Nah, I used the tire calculator from miata.net and I got a 13.5" radius (old wheel) versus 13.4" radius (new wheel), so it's almost identical. 

You are right in a way that the new wheel is 1.1% smaller than the stock wheel - very negligible if you ask me. a 245/45/19 would have made my new wheels be 2.2% larger than the stock wheel size and that's worse than 1.1% smaller right...?


----------



## ViperZ (Feb 9, 2005)

Looks pretty good. The whole package does look kinda small for 19" wheels  Whats up with that?

It's almost as if the profile for the tires is so low that you have to lower the truck to have the right effect. Much like when people put low profile tires and bigger rims on sedans/coupes with out lowering them. The X-trail gets away with it as they were designed to be high riders


----------



## mike dockal (Dec 20, 2004)

ViperZ said:


> Looks pretty good. The whole package does look kinda small for 19" wheels  Whats up with that?
> 
> It's almost as if the profile for the tires is so low that you have to lower the truck to have the right effect. Much like when people put low profile tires and bigger rims on sedans/coupes with out lowering them. The X-trail gets away with it as they were designed to be high riders


Nice wheels. I think it could use bigger tires.


----------



## jtanoyo1 (May 15, 2005)

Heheh, baby steps guys. When I get my coilovers soon from hotbits, it will be lowered to reduce the huge fender gap and then the tires won't look so small anymore.


----------



## Terranismo (Aug 31, 2004)

Nice wheels How much does the Hotbits coilover system go for? I still offroad my truck so I still want the option to raise my ride height while going over rough terrain.


----------



## thetimster (May 6, 2005)

Jon, are you talking about Hotbits coilovers from these guys?

http://www.speedworks.com.my/v2/new.cfm

I've been trying to get in touch with them... no luck. 

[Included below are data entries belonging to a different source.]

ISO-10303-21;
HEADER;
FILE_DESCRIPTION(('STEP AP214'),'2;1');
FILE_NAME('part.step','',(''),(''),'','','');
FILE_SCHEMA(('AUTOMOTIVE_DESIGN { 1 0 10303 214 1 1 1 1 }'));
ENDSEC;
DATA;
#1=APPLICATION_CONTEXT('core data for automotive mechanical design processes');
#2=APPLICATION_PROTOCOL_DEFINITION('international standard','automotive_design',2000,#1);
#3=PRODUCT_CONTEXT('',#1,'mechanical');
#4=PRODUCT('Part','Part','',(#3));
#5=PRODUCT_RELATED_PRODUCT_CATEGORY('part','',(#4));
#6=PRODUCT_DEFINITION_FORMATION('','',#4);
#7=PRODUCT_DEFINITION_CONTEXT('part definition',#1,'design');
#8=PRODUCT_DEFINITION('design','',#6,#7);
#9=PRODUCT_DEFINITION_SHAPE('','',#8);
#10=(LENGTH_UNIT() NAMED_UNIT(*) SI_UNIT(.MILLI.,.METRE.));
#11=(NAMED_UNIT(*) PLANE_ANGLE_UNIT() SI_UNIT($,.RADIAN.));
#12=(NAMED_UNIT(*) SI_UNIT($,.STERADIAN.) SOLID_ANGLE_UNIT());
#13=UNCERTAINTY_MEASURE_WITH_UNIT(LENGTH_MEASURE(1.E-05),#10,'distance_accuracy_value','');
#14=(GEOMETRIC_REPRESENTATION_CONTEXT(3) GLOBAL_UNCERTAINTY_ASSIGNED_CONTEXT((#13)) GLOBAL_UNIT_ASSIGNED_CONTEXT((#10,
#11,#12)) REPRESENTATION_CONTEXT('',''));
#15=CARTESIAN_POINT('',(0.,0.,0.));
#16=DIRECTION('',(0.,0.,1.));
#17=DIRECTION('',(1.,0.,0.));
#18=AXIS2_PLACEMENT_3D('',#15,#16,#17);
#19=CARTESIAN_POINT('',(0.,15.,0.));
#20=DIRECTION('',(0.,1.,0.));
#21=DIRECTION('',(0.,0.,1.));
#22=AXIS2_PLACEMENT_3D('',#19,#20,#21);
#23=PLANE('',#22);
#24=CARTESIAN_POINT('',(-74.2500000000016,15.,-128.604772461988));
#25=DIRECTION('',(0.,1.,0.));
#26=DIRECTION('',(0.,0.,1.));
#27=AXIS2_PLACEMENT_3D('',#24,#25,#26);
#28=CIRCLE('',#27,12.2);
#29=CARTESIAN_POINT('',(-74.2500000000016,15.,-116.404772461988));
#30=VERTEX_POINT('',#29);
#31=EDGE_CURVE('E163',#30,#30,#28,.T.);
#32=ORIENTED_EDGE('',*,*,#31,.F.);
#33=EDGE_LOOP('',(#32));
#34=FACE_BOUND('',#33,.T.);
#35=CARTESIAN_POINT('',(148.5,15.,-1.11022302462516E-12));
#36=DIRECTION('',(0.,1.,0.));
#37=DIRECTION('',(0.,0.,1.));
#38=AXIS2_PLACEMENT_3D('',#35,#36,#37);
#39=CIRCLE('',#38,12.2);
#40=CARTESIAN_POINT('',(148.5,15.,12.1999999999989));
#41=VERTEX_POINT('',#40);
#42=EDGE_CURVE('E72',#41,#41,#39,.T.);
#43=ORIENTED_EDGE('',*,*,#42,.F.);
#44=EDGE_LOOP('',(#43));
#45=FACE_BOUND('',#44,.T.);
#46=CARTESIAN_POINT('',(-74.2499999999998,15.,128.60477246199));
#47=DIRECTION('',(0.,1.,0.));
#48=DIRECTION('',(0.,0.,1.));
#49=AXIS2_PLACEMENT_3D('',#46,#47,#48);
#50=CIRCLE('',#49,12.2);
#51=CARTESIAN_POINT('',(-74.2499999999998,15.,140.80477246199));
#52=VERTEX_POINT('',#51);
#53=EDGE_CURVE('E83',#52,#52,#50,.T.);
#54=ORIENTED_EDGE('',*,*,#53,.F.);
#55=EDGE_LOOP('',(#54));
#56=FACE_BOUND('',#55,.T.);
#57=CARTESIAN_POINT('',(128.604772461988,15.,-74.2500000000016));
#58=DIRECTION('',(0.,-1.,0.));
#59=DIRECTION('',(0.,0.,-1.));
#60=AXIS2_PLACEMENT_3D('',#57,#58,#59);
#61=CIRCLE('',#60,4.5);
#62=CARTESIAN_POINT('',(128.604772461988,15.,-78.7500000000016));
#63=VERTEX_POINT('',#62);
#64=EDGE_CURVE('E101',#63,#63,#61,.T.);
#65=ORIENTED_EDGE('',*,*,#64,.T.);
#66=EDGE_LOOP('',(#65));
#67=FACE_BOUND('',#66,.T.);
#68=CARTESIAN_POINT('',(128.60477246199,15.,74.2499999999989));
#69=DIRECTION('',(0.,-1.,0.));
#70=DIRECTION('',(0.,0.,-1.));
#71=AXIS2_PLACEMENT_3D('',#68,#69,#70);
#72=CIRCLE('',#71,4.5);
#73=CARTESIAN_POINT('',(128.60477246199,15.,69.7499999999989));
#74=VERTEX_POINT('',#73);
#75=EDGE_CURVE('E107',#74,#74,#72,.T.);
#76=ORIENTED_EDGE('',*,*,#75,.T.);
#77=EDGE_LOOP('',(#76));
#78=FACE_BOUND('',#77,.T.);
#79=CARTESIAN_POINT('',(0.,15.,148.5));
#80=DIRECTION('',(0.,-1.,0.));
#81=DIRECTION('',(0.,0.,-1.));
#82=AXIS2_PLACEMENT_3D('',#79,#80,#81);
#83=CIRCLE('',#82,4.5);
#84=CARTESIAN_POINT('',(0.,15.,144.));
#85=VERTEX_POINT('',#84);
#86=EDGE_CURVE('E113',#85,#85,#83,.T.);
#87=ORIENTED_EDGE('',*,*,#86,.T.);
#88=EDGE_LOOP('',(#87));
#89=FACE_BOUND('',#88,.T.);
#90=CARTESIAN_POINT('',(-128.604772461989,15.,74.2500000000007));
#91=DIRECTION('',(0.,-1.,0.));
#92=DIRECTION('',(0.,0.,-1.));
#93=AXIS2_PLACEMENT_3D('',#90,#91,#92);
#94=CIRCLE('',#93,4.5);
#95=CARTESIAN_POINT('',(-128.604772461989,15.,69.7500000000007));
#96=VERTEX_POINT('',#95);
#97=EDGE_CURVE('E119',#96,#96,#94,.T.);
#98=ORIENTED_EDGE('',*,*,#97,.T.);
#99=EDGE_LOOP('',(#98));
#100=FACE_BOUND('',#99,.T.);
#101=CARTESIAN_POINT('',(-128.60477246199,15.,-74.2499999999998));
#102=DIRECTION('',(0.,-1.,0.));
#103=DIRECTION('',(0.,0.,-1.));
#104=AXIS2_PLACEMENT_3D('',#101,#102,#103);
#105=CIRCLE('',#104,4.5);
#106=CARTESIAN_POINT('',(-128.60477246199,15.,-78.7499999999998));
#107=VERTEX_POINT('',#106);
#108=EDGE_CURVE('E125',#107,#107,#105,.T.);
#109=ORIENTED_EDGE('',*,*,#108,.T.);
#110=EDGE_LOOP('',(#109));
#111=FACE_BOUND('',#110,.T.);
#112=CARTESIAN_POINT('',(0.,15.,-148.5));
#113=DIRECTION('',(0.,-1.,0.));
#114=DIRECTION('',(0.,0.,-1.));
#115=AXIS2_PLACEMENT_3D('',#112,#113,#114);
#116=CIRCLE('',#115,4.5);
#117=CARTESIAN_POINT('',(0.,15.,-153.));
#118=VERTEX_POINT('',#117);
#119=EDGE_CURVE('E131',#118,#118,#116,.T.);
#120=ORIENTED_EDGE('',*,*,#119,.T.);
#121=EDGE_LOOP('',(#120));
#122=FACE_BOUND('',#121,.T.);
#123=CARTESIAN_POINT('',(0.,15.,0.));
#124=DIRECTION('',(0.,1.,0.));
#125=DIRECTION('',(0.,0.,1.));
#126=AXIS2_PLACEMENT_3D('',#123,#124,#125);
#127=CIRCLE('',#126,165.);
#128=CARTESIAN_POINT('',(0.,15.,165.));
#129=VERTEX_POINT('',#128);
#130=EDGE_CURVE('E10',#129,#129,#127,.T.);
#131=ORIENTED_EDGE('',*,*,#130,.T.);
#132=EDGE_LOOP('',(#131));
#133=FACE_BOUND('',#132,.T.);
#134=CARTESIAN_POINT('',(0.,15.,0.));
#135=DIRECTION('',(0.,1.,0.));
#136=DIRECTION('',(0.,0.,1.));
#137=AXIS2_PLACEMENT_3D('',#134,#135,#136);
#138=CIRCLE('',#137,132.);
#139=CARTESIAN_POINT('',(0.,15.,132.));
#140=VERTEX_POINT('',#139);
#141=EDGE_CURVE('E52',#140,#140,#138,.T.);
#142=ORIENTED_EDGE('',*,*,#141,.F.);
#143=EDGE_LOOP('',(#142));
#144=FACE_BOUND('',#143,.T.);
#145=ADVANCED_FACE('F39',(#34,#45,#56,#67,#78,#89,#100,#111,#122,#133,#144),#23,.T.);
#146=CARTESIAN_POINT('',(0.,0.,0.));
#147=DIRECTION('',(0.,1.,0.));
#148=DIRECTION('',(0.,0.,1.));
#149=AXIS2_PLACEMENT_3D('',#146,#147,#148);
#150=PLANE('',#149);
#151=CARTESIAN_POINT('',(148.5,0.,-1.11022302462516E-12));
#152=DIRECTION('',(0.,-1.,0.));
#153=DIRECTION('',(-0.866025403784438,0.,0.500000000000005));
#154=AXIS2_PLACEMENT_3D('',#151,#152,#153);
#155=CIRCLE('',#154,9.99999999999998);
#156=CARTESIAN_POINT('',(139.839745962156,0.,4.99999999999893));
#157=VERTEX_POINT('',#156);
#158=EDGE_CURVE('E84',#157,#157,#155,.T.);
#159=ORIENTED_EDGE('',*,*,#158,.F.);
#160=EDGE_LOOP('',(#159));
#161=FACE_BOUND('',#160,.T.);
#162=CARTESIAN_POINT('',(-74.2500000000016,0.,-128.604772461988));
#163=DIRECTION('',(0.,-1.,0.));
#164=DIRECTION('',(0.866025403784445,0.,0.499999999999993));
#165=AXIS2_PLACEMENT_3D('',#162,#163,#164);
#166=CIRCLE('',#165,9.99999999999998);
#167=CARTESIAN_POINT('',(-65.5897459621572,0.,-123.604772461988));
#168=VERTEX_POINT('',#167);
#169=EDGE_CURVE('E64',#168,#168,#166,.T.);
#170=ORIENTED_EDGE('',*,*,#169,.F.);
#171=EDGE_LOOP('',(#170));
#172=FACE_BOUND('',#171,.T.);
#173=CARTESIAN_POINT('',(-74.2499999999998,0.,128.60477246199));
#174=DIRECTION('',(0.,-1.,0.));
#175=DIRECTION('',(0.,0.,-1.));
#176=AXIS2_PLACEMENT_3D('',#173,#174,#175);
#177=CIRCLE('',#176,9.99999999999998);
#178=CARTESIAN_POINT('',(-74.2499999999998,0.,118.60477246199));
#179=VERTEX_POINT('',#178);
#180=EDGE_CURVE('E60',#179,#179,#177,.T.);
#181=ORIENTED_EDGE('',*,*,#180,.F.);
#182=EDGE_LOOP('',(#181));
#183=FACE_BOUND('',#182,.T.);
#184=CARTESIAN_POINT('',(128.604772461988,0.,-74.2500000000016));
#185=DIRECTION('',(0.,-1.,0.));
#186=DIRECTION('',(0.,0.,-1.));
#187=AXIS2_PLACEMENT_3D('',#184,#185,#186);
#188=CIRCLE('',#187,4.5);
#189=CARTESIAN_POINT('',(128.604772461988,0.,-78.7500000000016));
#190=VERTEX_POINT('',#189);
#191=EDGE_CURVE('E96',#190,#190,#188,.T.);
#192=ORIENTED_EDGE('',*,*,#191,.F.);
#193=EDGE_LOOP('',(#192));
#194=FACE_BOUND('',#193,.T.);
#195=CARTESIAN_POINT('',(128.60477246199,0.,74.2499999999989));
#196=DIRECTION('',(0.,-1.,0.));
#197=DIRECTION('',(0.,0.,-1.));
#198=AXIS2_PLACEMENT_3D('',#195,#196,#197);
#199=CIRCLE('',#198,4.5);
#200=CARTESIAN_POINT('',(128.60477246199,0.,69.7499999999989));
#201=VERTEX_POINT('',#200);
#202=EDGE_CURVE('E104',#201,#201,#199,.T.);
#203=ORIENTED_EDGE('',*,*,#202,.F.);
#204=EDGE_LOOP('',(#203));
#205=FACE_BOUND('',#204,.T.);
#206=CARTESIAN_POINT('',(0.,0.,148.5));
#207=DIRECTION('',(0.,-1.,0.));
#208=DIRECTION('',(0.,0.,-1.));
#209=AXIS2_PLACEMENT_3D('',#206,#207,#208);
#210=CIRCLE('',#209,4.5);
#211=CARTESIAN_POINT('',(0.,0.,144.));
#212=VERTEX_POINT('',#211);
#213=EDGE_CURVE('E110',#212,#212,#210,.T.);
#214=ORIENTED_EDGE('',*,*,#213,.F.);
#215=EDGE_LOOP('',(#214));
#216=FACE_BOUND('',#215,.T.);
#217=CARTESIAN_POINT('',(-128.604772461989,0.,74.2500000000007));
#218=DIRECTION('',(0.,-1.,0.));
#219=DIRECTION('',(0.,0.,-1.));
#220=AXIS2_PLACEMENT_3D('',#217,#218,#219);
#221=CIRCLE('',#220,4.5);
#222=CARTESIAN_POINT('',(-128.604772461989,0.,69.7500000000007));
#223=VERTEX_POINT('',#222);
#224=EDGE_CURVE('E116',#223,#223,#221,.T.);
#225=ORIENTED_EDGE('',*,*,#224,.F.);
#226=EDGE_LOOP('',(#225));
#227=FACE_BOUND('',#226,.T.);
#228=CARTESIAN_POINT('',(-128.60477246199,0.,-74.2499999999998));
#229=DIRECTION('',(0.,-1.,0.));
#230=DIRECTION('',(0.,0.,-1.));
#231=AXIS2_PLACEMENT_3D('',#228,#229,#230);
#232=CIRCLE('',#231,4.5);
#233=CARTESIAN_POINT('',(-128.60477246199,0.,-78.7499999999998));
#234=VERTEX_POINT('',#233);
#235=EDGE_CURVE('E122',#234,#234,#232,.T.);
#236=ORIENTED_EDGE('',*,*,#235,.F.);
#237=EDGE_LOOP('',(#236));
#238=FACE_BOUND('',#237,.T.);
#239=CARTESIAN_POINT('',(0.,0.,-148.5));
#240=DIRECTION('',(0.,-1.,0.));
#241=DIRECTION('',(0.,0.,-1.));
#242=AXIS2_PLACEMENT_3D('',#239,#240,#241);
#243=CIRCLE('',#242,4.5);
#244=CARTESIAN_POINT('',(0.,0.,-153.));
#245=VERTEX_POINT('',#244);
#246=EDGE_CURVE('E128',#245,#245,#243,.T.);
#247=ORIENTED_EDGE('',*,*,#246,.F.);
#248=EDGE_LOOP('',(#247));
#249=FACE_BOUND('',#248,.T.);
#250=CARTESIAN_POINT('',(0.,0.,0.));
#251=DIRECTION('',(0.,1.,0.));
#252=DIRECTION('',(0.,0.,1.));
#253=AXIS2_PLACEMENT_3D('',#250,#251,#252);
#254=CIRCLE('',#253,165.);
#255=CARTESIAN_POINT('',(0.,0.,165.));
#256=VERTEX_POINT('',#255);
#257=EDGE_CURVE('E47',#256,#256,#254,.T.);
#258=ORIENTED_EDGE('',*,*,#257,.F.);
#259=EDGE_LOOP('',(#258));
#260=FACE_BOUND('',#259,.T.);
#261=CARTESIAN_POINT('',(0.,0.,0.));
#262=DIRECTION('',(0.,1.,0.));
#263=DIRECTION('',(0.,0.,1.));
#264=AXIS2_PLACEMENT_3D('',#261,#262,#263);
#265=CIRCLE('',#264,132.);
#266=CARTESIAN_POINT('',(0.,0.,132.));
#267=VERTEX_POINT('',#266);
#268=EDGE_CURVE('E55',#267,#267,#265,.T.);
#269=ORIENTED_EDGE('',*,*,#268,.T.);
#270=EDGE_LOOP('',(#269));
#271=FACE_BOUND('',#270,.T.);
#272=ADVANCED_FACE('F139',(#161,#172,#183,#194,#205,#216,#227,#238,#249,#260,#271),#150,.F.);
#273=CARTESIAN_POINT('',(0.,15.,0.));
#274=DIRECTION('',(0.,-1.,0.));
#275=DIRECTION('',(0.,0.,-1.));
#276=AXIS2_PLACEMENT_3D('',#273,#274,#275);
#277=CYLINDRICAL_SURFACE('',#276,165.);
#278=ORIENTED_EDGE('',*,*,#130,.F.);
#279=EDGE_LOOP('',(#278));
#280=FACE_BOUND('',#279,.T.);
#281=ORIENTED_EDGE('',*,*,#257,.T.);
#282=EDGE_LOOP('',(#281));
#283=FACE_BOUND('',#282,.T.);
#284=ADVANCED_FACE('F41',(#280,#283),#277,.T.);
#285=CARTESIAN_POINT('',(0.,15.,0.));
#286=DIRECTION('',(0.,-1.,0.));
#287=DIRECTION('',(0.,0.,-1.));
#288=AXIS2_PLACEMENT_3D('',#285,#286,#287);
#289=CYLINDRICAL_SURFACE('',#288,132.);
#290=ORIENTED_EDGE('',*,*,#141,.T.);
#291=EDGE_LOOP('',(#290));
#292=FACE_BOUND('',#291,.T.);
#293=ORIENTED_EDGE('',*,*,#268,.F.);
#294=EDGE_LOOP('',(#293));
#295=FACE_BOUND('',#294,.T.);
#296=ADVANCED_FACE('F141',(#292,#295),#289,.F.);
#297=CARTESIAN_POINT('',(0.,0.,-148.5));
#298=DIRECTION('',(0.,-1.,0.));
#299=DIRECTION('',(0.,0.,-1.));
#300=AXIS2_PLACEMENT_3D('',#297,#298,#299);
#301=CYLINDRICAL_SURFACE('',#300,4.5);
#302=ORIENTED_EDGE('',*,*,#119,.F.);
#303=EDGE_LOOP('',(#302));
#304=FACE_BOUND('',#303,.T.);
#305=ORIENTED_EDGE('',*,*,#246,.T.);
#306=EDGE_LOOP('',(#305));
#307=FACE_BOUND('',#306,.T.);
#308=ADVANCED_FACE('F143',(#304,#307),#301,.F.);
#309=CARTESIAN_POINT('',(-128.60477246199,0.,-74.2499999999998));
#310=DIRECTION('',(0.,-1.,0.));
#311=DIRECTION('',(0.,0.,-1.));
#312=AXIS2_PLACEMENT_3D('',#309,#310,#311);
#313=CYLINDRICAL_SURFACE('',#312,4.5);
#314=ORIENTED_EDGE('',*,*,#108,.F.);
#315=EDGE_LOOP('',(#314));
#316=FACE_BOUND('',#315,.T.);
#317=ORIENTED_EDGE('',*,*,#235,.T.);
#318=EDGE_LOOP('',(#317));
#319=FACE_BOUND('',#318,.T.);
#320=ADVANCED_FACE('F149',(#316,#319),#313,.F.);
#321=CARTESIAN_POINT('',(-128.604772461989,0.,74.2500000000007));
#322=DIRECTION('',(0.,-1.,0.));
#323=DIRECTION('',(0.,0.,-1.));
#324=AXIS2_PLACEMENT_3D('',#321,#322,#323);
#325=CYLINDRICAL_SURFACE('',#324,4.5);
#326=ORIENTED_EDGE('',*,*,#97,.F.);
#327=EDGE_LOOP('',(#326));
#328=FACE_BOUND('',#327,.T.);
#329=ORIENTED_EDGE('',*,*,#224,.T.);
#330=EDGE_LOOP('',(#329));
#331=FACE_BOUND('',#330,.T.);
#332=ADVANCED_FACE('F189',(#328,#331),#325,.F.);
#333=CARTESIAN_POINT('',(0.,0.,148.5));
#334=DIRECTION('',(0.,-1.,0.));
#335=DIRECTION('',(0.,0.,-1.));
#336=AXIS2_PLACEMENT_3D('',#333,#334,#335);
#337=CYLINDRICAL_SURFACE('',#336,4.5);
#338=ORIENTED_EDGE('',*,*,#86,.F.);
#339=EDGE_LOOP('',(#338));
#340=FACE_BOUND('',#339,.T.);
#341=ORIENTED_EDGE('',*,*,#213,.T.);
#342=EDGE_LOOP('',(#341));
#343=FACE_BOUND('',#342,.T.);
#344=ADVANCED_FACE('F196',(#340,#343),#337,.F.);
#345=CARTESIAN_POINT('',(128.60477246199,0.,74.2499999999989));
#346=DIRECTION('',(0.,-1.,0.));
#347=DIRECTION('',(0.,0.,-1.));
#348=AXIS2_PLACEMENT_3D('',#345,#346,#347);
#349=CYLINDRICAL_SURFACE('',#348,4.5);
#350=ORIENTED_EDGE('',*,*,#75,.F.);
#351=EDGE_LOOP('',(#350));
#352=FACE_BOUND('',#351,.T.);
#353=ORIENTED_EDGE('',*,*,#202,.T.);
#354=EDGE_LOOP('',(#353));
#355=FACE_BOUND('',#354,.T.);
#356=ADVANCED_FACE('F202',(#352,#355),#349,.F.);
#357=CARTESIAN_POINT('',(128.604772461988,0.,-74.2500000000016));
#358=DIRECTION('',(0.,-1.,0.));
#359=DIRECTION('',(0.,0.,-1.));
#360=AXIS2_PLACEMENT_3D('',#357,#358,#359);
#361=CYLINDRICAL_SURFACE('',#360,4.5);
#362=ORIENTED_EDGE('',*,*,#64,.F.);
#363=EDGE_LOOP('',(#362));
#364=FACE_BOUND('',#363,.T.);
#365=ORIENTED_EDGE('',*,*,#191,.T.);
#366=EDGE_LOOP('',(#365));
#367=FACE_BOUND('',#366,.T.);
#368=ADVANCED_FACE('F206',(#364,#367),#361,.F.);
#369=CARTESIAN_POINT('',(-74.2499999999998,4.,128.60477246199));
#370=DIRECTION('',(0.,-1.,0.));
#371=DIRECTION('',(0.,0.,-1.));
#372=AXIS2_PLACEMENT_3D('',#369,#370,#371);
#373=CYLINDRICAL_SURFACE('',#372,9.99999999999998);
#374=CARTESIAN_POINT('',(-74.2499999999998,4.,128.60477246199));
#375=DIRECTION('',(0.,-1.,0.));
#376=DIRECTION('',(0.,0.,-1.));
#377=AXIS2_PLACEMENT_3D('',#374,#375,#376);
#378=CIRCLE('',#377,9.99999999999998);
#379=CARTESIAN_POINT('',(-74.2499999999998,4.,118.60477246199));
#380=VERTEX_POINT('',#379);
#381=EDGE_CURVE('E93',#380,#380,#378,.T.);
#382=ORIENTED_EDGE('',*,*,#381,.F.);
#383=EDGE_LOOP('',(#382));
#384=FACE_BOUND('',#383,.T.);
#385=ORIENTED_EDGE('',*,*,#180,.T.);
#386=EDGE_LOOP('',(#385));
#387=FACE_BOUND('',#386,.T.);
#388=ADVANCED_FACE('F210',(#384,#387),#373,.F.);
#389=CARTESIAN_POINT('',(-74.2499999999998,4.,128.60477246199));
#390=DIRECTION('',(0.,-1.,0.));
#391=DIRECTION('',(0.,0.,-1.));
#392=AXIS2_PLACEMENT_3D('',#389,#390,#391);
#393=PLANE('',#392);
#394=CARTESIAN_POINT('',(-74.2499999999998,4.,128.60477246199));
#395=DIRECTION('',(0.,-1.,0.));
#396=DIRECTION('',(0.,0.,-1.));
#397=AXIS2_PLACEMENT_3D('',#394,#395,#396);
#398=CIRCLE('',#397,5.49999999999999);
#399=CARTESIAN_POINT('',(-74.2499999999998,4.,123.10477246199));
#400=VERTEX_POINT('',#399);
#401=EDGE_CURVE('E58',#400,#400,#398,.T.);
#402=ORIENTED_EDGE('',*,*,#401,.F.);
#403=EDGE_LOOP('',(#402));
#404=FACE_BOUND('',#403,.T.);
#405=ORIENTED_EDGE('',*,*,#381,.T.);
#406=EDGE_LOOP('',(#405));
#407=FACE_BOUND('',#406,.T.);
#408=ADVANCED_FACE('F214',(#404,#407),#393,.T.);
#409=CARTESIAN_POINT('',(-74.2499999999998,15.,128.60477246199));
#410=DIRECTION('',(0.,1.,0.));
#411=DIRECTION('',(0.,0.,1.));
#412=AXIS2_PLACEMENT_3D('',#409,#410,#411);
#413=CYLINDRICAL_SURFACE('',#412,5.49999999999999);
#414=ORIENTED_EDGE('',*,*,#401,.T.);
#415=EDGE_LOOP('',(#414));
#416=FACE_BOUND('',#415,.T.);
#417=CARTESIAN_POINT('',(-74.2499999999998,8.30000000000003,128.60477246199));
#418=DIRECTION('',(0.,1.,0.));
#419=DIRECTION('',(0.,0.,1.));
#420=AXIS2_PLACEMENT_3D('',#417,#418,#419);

I have 20" rims with 245/40 tires now. The gap is still quite noticeable. But the offset of my rims are a little off so the wheels jut out a bit. That makes lowering it a little difficult. I'm hoping to get it right when the new rims arrive. I will be using 245/35 tires by then, afterwhich I'll try to lower the car either by springs or if I can finally get it, by coilovers. If you do get the coilovers, please let us know how they ride. The Tanabe lowering springs give very much a stock-like ride when I tried them on. I don't want to lose that too much when I lower the car. 

I like your rims a lot! I'm thinking of getting these to replace the old ones. Yeah... I kinda like bling.  

http://www.hartwheels.co.jp/bersaglio/catalog/catalog-spoke2.htm


----------



## jtanoyo1 (May 15, 2005)

Heheheh...Tim. You are a man after my own heart. I will for sure let you know what goes on with the hotbits stuff. Did you try calling them up? I know emails are kinda useless with these guys. 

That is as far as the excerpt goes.